- [WHAT IS BEING ASKED]:
Using the records below, transcribe word for word the stretch from the line that contains "Bus Creator10 : BusCreator" through the line that contains "Constant2 : Constant", both end lines included, and nothing else.

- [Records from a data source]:

== == ==

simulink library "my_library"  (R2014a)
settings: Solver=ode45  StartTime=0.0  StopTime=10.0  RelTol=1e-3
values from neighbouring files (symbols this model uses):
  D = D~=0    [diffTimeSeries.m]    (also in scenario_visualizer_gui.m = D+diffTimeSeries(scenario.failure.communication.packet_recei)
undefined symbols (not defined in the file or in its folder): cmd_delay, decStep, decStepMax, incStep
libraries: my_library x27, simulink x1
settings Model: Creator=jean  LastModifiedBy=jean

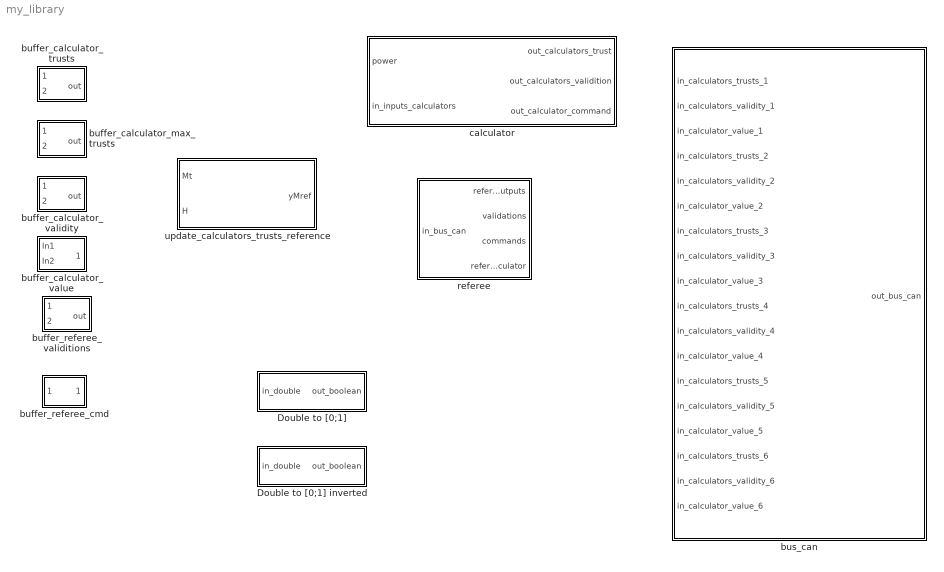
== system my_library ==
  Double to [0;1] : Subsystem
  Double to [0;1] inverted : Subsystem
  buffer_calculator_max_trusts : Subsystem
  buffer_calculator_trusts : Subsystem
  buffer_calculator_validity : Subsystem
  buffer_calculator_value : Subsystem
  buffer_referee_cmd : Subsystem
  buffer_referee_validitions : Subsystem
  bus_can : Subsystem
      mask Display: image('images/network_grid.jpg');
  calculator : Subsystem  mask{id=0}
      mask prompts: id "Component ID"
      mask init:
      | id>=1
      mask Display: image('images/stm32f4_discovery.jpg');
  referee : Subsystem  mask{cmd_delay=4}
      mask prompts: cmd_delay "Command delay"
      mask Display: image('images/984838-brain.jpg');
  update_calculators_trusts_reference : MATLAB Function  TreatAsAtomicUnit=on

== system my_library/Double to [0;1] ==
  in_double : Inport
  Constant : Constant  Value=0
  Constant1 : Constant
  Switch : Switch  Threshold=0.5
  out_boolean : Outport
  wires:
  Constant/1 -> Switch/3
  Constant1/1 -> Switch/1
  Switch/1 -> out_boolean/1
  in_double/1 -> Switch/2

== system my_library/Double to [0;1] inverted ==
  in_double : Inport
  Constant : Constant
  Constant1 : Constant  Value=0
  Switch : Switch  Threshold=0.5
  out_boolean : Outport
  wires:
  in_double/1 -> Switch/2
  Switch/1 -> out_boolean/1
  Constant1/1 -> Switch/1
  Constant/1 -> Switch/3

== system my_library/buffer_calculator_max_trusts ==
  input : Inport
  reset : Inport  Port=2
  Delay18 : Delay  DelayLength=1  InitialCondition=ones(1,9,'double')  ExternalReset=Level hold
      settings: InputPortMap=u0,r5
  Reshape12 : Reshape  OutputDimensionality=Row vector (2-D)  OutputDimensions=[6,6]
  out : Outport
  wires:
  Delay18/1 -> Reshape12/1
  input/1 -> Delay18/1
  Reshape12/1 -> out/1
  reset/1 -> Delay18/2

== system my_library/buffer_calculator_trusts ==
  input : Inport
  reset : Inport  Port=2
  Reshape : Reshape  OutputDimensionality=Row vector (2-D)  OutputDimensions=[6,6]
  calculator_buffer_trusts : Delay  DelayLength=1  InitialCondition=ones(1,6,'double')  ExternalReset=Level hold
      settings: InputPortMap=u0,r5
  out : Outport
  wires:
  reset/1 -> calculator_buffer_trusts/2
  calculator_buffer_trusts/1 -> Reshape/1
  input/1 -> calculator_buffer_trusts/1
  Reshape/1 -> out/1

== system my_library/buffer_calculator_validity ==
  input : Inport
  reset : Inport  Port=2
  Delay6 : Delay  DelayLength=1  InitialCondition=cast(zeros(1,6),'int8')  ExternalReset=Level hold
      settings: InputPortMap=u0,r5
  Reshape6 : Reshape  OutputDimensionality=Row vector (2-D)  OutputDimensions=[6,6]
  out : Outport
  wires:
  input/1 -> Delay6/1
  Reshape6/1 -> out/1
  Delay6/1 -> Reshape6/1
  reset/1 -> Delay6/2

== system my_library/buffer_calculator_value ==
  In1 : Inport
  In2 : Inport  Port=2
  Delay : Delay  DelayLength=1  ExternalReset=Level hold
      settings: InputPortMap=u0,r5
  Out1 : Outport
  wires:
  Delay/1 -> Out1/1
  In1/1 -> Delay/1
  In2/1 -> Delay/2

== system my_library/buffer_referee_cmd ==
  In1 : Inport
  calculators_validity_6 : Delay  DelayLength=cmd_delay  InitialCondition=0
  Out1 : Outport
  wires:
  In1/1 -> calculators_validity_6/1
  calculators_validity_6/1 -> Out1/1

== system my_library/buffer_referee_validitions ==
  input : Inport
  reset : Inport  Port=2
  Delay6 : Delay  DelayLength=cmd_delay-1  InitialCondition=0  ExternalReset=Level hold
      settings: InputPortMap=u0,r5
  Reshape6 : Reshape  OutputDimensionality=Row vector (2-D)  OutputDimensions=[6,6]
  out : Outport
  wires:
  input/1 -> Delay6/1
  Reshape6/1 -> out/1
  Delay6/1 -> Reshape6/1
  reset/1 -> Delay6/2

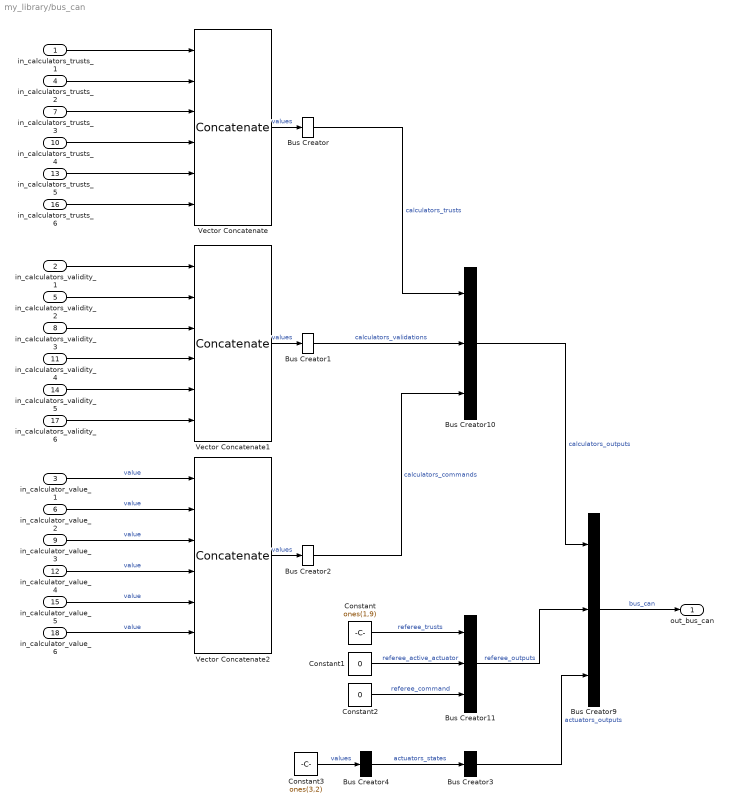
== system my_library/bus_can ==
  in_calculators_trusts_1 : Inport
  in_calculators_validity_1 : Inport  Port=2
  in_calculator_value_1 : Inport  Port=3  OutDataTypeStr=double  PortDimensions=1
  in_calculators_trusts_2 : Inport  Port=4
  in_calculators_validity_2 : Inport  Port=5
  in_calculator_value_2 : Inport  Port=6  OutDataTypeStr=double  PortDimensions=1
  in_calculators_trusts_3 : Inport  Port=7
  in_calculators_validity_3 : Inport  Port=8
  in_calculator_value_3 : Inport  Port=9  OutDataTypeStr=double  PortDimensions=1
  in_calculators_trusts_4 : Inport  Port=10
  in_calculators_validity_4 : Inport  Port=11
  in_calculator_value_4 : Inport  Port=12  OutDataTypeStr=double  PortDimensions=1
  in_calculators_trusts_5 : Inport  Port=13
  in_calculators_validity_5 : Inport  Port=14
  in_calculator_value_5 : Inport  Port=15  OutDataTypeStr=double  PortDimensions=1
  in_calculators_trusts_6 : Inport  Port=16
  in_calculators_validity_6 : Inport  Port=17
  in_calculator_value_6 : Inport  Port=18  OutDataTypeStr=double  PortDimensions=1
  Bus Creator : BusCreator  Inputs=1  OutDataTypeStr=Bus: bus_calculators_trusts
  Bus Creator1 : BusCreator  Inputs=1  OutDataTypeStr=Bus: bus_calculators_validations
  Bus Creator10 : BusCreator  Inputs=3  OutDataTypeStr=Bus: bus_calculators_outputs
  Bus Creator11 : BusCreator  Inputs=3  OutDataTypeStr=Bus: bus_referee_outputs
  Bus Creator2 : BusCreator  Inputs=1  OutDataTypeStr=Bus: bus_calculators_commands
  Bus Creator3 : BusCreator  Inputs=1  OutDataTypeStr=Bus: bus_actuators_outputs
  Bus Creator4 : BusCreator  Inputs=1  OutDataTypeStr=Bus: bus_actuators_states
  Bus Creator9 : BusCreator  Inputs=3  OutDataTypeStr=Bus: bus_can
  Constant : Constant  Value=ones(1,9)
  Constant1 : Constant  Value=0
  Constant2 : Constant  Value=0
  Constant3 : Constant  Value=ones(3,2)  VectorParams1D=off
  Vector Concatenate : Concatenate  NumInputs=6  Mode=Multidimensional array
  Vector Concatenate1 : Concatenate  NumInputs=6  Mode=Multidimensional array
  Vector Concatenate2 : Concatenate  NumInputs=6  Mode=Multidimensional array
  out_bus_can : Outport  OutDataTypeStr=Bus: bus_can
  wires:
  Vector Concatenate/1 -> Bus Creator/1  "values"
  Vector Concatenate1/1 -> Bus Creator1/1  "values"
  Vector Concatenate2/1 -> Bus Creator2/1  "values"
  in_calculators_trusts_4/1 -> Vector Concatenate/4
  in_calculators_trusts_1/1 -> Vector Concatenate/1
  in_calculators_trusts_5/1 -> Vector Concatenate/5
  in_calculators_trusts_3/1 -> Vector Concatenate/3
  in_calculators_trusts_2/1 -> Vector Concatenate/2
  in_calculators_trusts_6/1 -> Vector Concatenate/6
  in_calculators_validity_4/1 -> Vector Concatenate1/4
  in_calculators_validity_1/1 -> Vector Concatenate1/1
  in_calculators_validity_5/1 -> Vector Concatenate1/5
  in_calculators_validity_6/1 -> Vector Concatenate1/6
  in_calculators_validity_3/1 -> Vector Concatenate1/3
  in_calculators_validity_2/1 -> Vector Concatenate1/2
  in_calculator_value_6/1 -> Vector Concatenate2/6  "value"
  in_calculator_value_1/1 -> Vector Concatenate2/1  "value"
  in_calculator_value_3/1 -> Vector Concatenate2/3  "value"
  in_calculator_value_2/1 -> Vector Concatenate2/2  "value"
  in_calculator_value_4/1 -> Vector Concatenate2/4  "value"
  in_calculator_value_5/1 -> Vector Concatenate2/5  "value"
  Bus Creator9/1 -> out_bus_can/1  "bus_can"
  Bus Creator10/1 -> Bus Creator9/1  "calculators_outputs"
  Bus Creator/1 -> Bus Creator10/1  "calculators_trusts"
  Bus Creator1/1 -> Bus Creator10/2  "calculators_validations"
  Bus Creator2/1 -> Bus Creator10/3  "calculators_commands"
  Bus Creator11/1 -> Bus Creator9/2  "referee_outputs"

== == ==

- [RESULT FOR THIS EXERCISE]:
  Bus Creator10 : BusCreator  Inputs=3  OutDataTypeStr=Bus: bus_calculators_outputs
  Bus Creator11 : BusCreator  Inputs=3  OutDataTypeStr=Bus: bus_referee_outputs
  Bus Creator2 : BusCreator  Inputs=1  OutDataTypeStr=Bus: bus_calculators_commands
  Bus Creator3 : BusCreator  Inputs=1  OutDataTypeStr=Bus: bus_actuators_outputs
  Bus Creator4 : BusCreator  Inputs=1  OutDataTypeStr=Bus: bus_actuators_states
  Bus Creator9 : BusCreator  Inputs=3  OutDataTypeStr=Bus: bus_can
  Constant : Constant  Value=ones(1,9)
  Constant1 : Constant  Value=0
  Constant2 : Constant  Value=0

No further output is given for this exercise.